Atticus Finch Revisited

Atticus_and_Tom_Robinson_in_courtHarper Lee’s Go Set a Watchman has an undeniably odd publication history. Ms. Lee wrote the novel in the 1950s, well before she wrote and published her beloved To Kill a Mockingbird. When she finally agreed to publish Go Set a Watchman in 2015, it registered on critics and readers as a sequel of sorts for To Kill a Mockingbird.

Go Set a Watchman involves the moving rebuilding of a parent-child relationship after the child has lost respect for the parent, and this account deserves contemplation and reflection. However, the novel as a whole is only mediocre. Furthermore, many readers will be shocked and disappointed by the novel’s suggestion that Atticus Finch is not the heroic man they thought he was.

In particular, Finch is hardly a staunch defender of civil rights for the people he calls “Negroes.” He tells his daughter Jean Louise, who was known as Scout as a young girl, “Negroes down here are still in their childhood as a people.” He also reveals he is taking the case of an African American defendant so that the case does not fall into the hands of NAACP lawyers. In Finch’s opinion, the latter are too eagerly seeking cases they can rush into the federal courts.

If Finch is not the champion of civil rights people took him to be in To Kill a Mockingbird, his attitude about the law has supposedly remained consistent. Uncle Jack Finch tells Jean Louise: “The law is what Atticus lives by. He’ll do his best to prevent somebody beating up somebody else, and then he’ll turn around and try to stop the Federal Government if it is breaking the law . . . . [B]ut remember this, he’ll always do it by the letter of the law. That’s the way he lives.”
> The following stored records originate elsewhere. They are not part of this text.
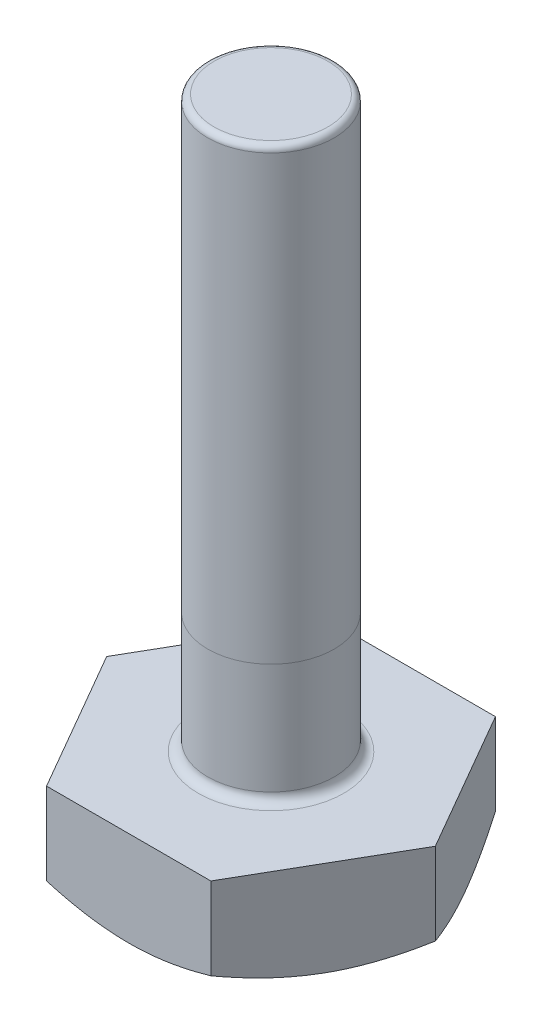
from build123d import *

# Parameters (mm, degrees)
BOSS_EXTRUDE2_DEPTH = 1.5
SKETCH2_OUTSIDE_W   = 13.8
SKETCH2_OUTSIDE_H   = 13.104
SKETCH2_OUTSIDE_R   = 2.25
CUT_EXTRUDE1_DEPTH  = 1.5
CUT_EXTRUDE1_TAPER  = 60
SKETCH3_R           = 1
BOSS_EXTRUDE3_DEPTH = 9
FILLET1_R           = 0.1
FILLET2_R           = 0.15


with BuildPart() as part:
    # Sketch1 → Boss-Extrude2 (new body)
    with BuildSketch(Plane(origin=(0, 0, 0), x_dir=(1, 0, 0), z_dir=(0, 1, 0))):
        Polygon((2.598076211, 0), (1.299038106, 2.25), (-1.299038106, 2.25), (-2.598076211, 0), (-1.299038106, -2.25), (1.299038106, -2.25), align=None)
    extrude(amount=BOSS_EXTRUDE2_DEPTH)

    # Sketch2 outside → Cut-Extrude1 (cut)
    with BuildSketch(Plane(origin=(0, 0, 0), x_dir=(1, 0, 0), z_dir=(0, 1, 0))):
        Rectangle(SKETCH2_OUTSIDE_W, SKETCH2_OUTSIDE_H)
        Circle(SKETCH2_OUTSIDE_R, mode=Mode.SUBTRACT)
    extrude(amount=CUT_EXTRUDE1_DEPTH, taper=CUT_EXTRUDE1_TAPER, mode=Mode.SUBTRACT)

    # Sketch3 → Boss-Extrude3 (add)
    with BuildSketch(Plane(origin=(0, 1.5, 0), x_dir=(1, 0, 0), z_dir=(0, 1, 0))):
        Circle(SKETCH3_R)
    extrude(amount=BOSS_EXTRUDE3_DEPTH)

    # Fillet1
    fillet1_edges = [part.edges().sort_by_distance(p)[0] for p in [
        (-1, 10.5, 0),
    ]]
    fillet(fillet1_edges, radius=FILLET1_R)

    # Fillet2
    fillet2_edges = [part.edges().sort_by_distance(p)[0] for p in [
        (-1, 1.5, 0),
    ]]
    fillet(fillet2_edges, radius=FILLET2_R)


solid = part.part
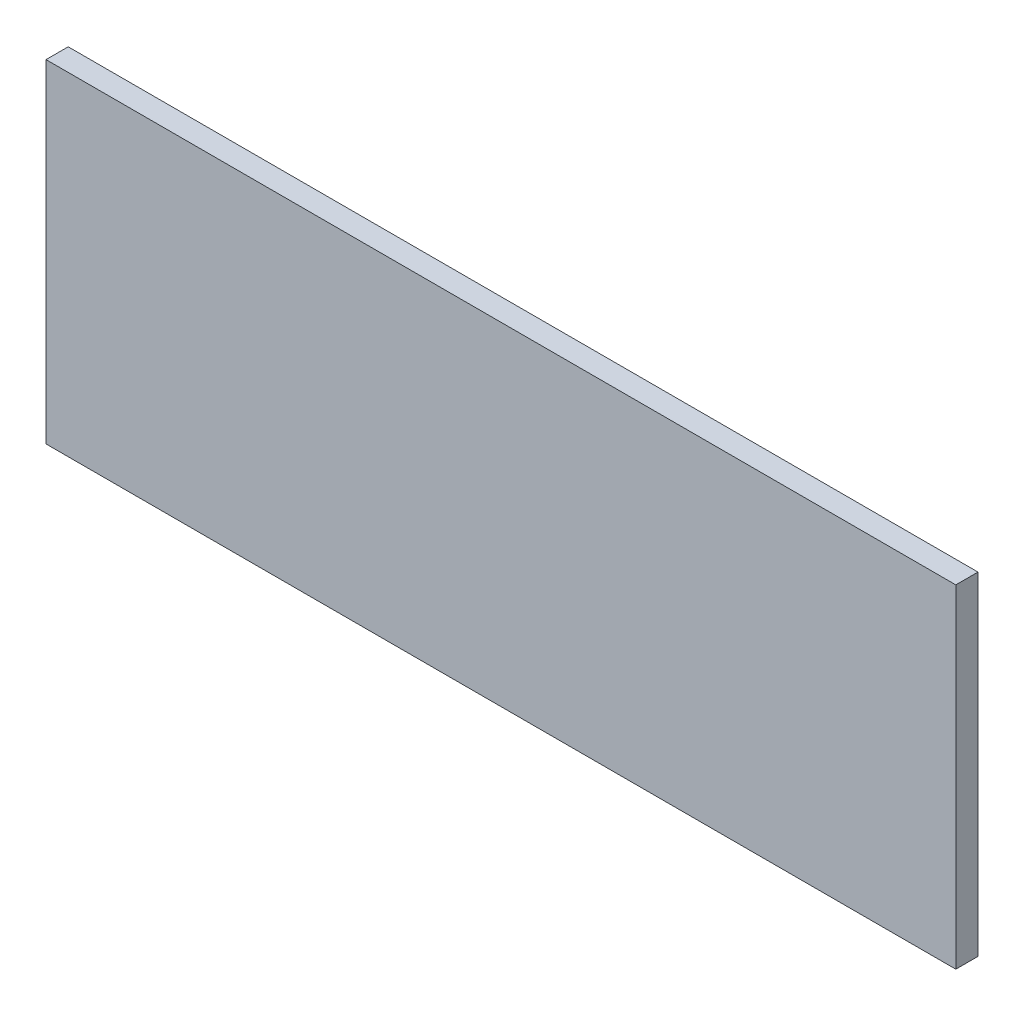
from build123d import *

# Parameters (mm, degrees)
SKETCH1_W           = 164
SKETCH1_H           = 60
BOSS_EXTRUDE1_DEPTH = 4


with BuildPart() as part:
    # Sketch1 → Boss-Extrude1 (new body)
    with BuildSketch(Plane.XY):
        Rectangle(SKETCH1_W, SKETCH1_H)
    extrude(amount=-BOSS_EXTRUDE1_DEPTH)


solid = part.part

But alas, even Finch’s belief in the law has a hollowness to it. In Uncle Jack’s opinion, Atticus Finch’s law is only a “tin god.” For Atticus Finch, law and the abstract justice it might yield were part of a cultivated false consciousness. It enabled him to carry on despite the confusion and the contradictions that had begun to bedevil the American South of the mid-twentieth century.

Harper Lee’s reflections on Atticus Finch and the law are neither secondary nor inconsequential. She herself was the daughter of a lawyer/ judge and came within one semester of graduating from law school. In her earnest account of Atticus Finch, Lee warns against having a rigid and superficial belief in law as a guide in life. It is not enough, Lee seems to be telling us, to simply live by the letter of the law.